#### Try it
Extract the opening line of the entries and every line after it, stopping at and including the line that contains "doc.units = 0". Do not include pictures.

Extracted records
──────────
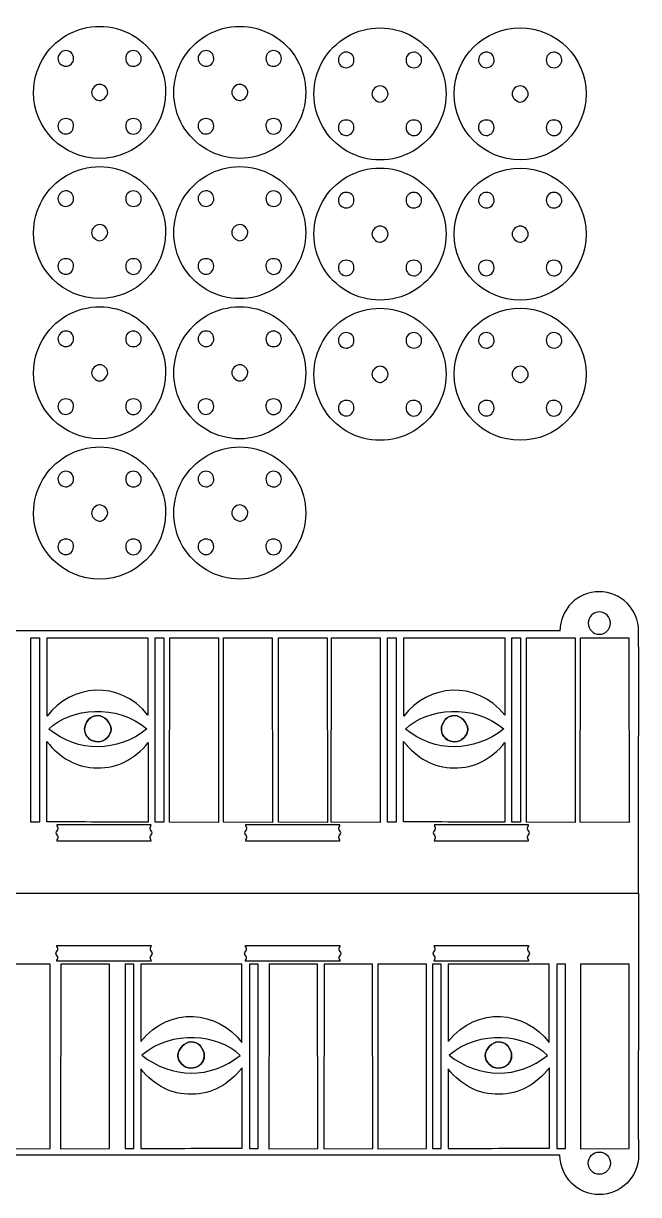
# Model space of a CAD drawing. Extents: x 12 to 252, y 24 to 247.
# Drawn here: x 134.9 to 252.3, y 24.1 to 247.5 of the extents above; entities that cross this region are included whole.
import ezdxf

# ---------------------------------------------------------------- set-up
doc = ezdxf.new("R2010")
doc.units = 0
doc.layers.add('Base', color=7, linetype='CONTINUOUS')

msp = doc.modelspace()

# ---------------------------------------------------------------- linework, layer by layer
at = {"layer": 'Base', "color": 7}
for points in [[(144.471365, 240.767176)], [(154.425734, 240.797804)], [(171.212502, 240.767176)], [(181.166871, 240.797804)], [(197.967207, 240.482061)], [(207.921576, 240.512689)], [(224.708344, 240.482061)], [(234.662713, 240.512689)], [(150.995306, 234.273864)], [(177.736443, 234.273864)], [(204.491147, 233.988749)], [(231.232284, 233.988749)], [(143.001182, 229.311995)], [(155.895918, 229.311995)], [(169.742318, 229.311995)], [(182.637055, 229.311995)], [(196.497023, 229.02688)], [(209.39176, 229.02688)], [(223.23816, 229.02688)], [(236.132897, 229.02688)], [(144.471365, 214.026057)], [(154.425734, 214.056685)], [(171.212502, 214.026057)], [(181.166871, 214.056685)], [(197.967207, 213.740906)], [(207.921576, 213.771535)], [(224.708344, 213.740906)], [(234.662713, 213.771535)], [(150.995306, 207.532744)], [(177.736443, 207.532744)], [(204.491147, 207.247594)], [(231.232284, 207.247594)], [(143.001182, 202.570876)], [(155.895918, 202.570876)], [(169.742318, 202.570876)], [(182.637055, 202.570876)], [(196.497023, 202.285725)], [(209.39176, 202.285725)], [(223.23816, 202.285725)], [(236.132897, 202.285725)], [(144.471365, 187.284937)], [(154.425734, 187.315566)], [(171.212502, 187.284937)], [(181.166871, 187.315566)], [(197.967207, 186.999787)], [(207.921576, 187.030415)], [(224.708344, 186.999787)], [(234.662713, 187.030415)], [(150.995306, 180.791625)], [(177.736443, 180.791625)], [(204.491147, 180.506475)], [(231.232284, 180.506475)], [(143.001182, 175.829756)], [(155.895918, 175.829756)], [(169.742318, 175.829756)], [(182.637055, 175.829756)], [(196.497023, 175.544606)], [(209.39176, 175.544606)], [(223.23816, 175.544606)], [(236.132897, 175.544606)], [(144.471365, 160.543783)], [(154.425734, 160.574411)], [(171.212502, 160.543783)], [(181.166871, 160.574411)], [(150.995306, 154.050471)], [(177.736443, 154.050471)], [(143.001182, 149.088602)], [(155.895918, 149.088602)], [(169.742318, 149.088602)], [(182.637055, 149.088602)], [(136.336571, 130.24884), (137.975079, 130.24884), (137.975079, 95.088902), (136.336571, 95.088902)], [(161.703126, 95.088902), (160.064616, 95.088902), (160.064616, 130.24884), (161.703126, 130.24884)], [(172.14386, 95.048456), (162.803176, 95.109292), (162.832457, 130.289124), (172.11458, 130.289124)], [(182.419098, 95.048456), (173.078414, 95.109292), (173.107695, 130.289124), (182.389818, 130.289124)], [(192.910843, 95.048456), (183.570159, 95.109292), (183.59944, 130.289124), (192.881563, 130.289124)], [(202.97541, 95.048456), (193.634726, 95.109292), (193.664006, 130.289124), (202.946129, 130.289124)], [(204.398113, 130.24884), (206.036621, 130.24884), (206.036621, 95.088902), (204.398113, 95.088902)], [(229.764668, 95.088902), (228.126158, 95.088902), (228.126158, 130.24884), (229.764668, 130.24884)], [(240.205402, 95.048456), (230.864718, 95.109292), (230.893999, 130.289124), (240.176122, 130.289124)], [(250.48064, 95.048456), (241.139956, 95.109292), (241.169237, 130.289124), (250.45136, 130.289124)], [(146.592425, 112.790242)], [(146.592425, 112.790242)], [(158.486792, 112.911616)], [(214.653967, 112.790242)], [(214.653967, 112.790242)], [(226.548334, 112.911616)], [(139.370848, 95.149586)], [(207.43239, 95.149586)], [(130.683604, 32.808619), (140.024287, 32.869456), (139.995007, 68.04929), (130.712884, 68.04929)], [(142.014744, 32.808619), (151.355432, 32.869456), (151.326151, 68.04929), (142.044025, 68.04929)], [(154.308314, 32.849057), (155.946823, 32.849057), (155.946823, 68.008996), (154.308314, 68.008996)], [(179.674868, 68.008996), (178.03636, 68.008996), (178.03636, 32.849057), (179.674868, 32.849057)], [(181.738396, 32.808619), (191.07908, 32.869456), (191.049799, 68.04929), (181.767677, 68.04929)], [(192.230141, 32.808619), (201.570825, 32.869456), (201.541544, 68.04929), (192.259421, 68.04929)], [(202.505379, 32.808619), (211.846063, 32.869456), (211.816782, 68.04929), (202.53466, 68.04929)], [(212.94611, 32.849057), (214.58462, 32.849057), (214.58462, 68.008996), (212.94611, 68.008996)], [(238.312665, 68.008996), (236.674157, 68.008996), (236.674157, 32.849057), (238.312665, 32.849057)], [(241.169205, 32.808619), (250.509889, 32.869456), (250.480609, 68.04929), (241.198486, 68.04929)], [(157.524647, 50.671771)], [(169.419014, 50.550398)], [(169.419014, 50.550398)], [(216.162444, 50.671771)], [(228.05681, 50.550398)], [(228.05681, 50.550398)], [(176.640591, 32.909742)], [(235.278388, 32.909742)]]:
    msp.add_lwpolyline(points, close=True, dxfattribs=at)
at = {"layer": 'Base', "color": 1}
for points in [[(162.042449, 234.304524)], [(188.78359, 234.304524)], [(215.538288, 234.019398)], [(242.279421, 234.019398)], [(162.042449, 207.563415)], [(188.78359, 207.563415)], [(215.538288, 207.278247)], [(242.279421, 207.278247)], [(162.042449, 180.822282)], [(188.78359, 180.822282)], [(215.538288, 180.537135)], [(242.279421, 180.537135)], [(162.042449, 154.081127)], [(188.78359, 154.081127)], [(252.279397, 131.573871)], [(252.281362, 31.580084)]]:
    msp.add_lwpolyline(points, close=True, dxfattribs=at)
for points in [[(237.279932, 131.577412), (12.27981, 131.577412)], [(252.280031, 128.579129), (252.280031, 131.577412)], [(252.280031, 128.579129), (252.280031, 111.57667)], [(252.280031, 81.575557), (252.280031, 94.578781), (252.280031, 111.57667)], [(12.280254, 81.578748), (252.280494, 81.578748), (252.280494, 68.578381), (252.280494, 51.578558)], [(252.280494, 34.578735), (252.280494, 51.578558)], [(252.280494, 34.578735), (252.280494, 31.57701)], [(237.281286, 31.580084), (12.280534, 31.580084)]]:
    msp.add_lwpolyline(points, dxfattribs=at)
at = {"layer": 'Base', "color": 7}
for points in [[(139.431533, 115.339037), (139.431533, 130.24884), (158.668848, 130.24884), (158.668848, 115.521092)], [(207.493075, 115.339037), (207.493075, 130.24884), (226.73039, 130.24884), (226.73039, 115.521092)], [(139.370848, 95.149586), (139.370848, 110.484194)], [(158.729534, 110.302136), (158.729534, 95.088902)], [(207.43239, 95.149586), (207.43239, 110.484194)], [(226.791076, 110.302136), (226.791076, 95.088902)], [(176.579907, 53.099193), (176.579907, 68.008996), (157.342591, 68.008996), (157.342591, 53.281247)], [(235.217703, 53.099193), (235.217703, 68.008996), (215.980387, 68.008996), (215.980387, 53.281247)], [(157.281905, 48.062292), (157.281905, 32.849057)], [(176.640591, 32.909742), (176.640591, 48.24435)], [(215.919702, 48.062292), (215.919702, 32.849057)], [(235.278388, 32.909742), (235.278388, 48.24435)]]:
    msp.add_lwpolyline(points, dxfattribs=at)
at = {"layer": 'Base', "color": 3}
for points in [[(159.280998, 94.580126), (141.280783, 94.580126)], [(195.280992, 94.580126), (177.281212, 94.580126)], [(231.281421, 94.580126), (213.281207, 94.580126)], [(141.280783, 91.578714), (159.280998, 91.578714)], [(177.281212, 91.578714), (195.280992, 91.578714)], [(213.281207, 91.578714), (231.281421, 91.578714)], [(141.28034, 71.579015), (159.280339, 71.579015)], [(177.280758, 71.579015), (195.280757, 71.579015)], [(213.280755, 71.579015), (231.280754, 71.579015)], [(159.280339, 68.578455), (141.28034, 68.578455)], [(195.280757, 68.578455), (177.280758, 68.578455)], [(231.280754, 68.578455), (213.280755, 68.578455)]]:
    msp.add_lwpolyline(points, dxfattribs=at)
at = {"layer": 'Base', "color": 1}
for points in [[(143.151571, 245.211178), (147.048143, 247.460864), (151.848918, 247.460864), (155.74549, 245.211178)], [(169.892711, 245.211178), (173.789283, 247.460864), (178.590058, 247.460864), (182.48663, 245.211178)], [(196.647409, 244.926052), (200.543981, 247.175739), (205.344756, 247.175739), (209.241328, 244.926052)], [(217.091583, 234.019398), (217.091583, 240.974827), (222.730073, 246.613316), (229.685502, 246.613316)], [(229.685502, 246.613316), (236.640931, 246.613316), (242.279421, 240.974827), (242.279421, 234.019398)], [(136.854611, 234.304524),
──────────
#### Solution
# Model space of a CAD drawing. Extents: x 12 to 252, y 24 to 247.
# Drawn here: x 134.9 to 252.3, y 24.1 to 247.5 of the extents above; entities that cross this region are included whole.
import ezdxf

# ---------------------------------------------------------------- set-up
doc = ezdxf.new("R2010")
doc.units = 0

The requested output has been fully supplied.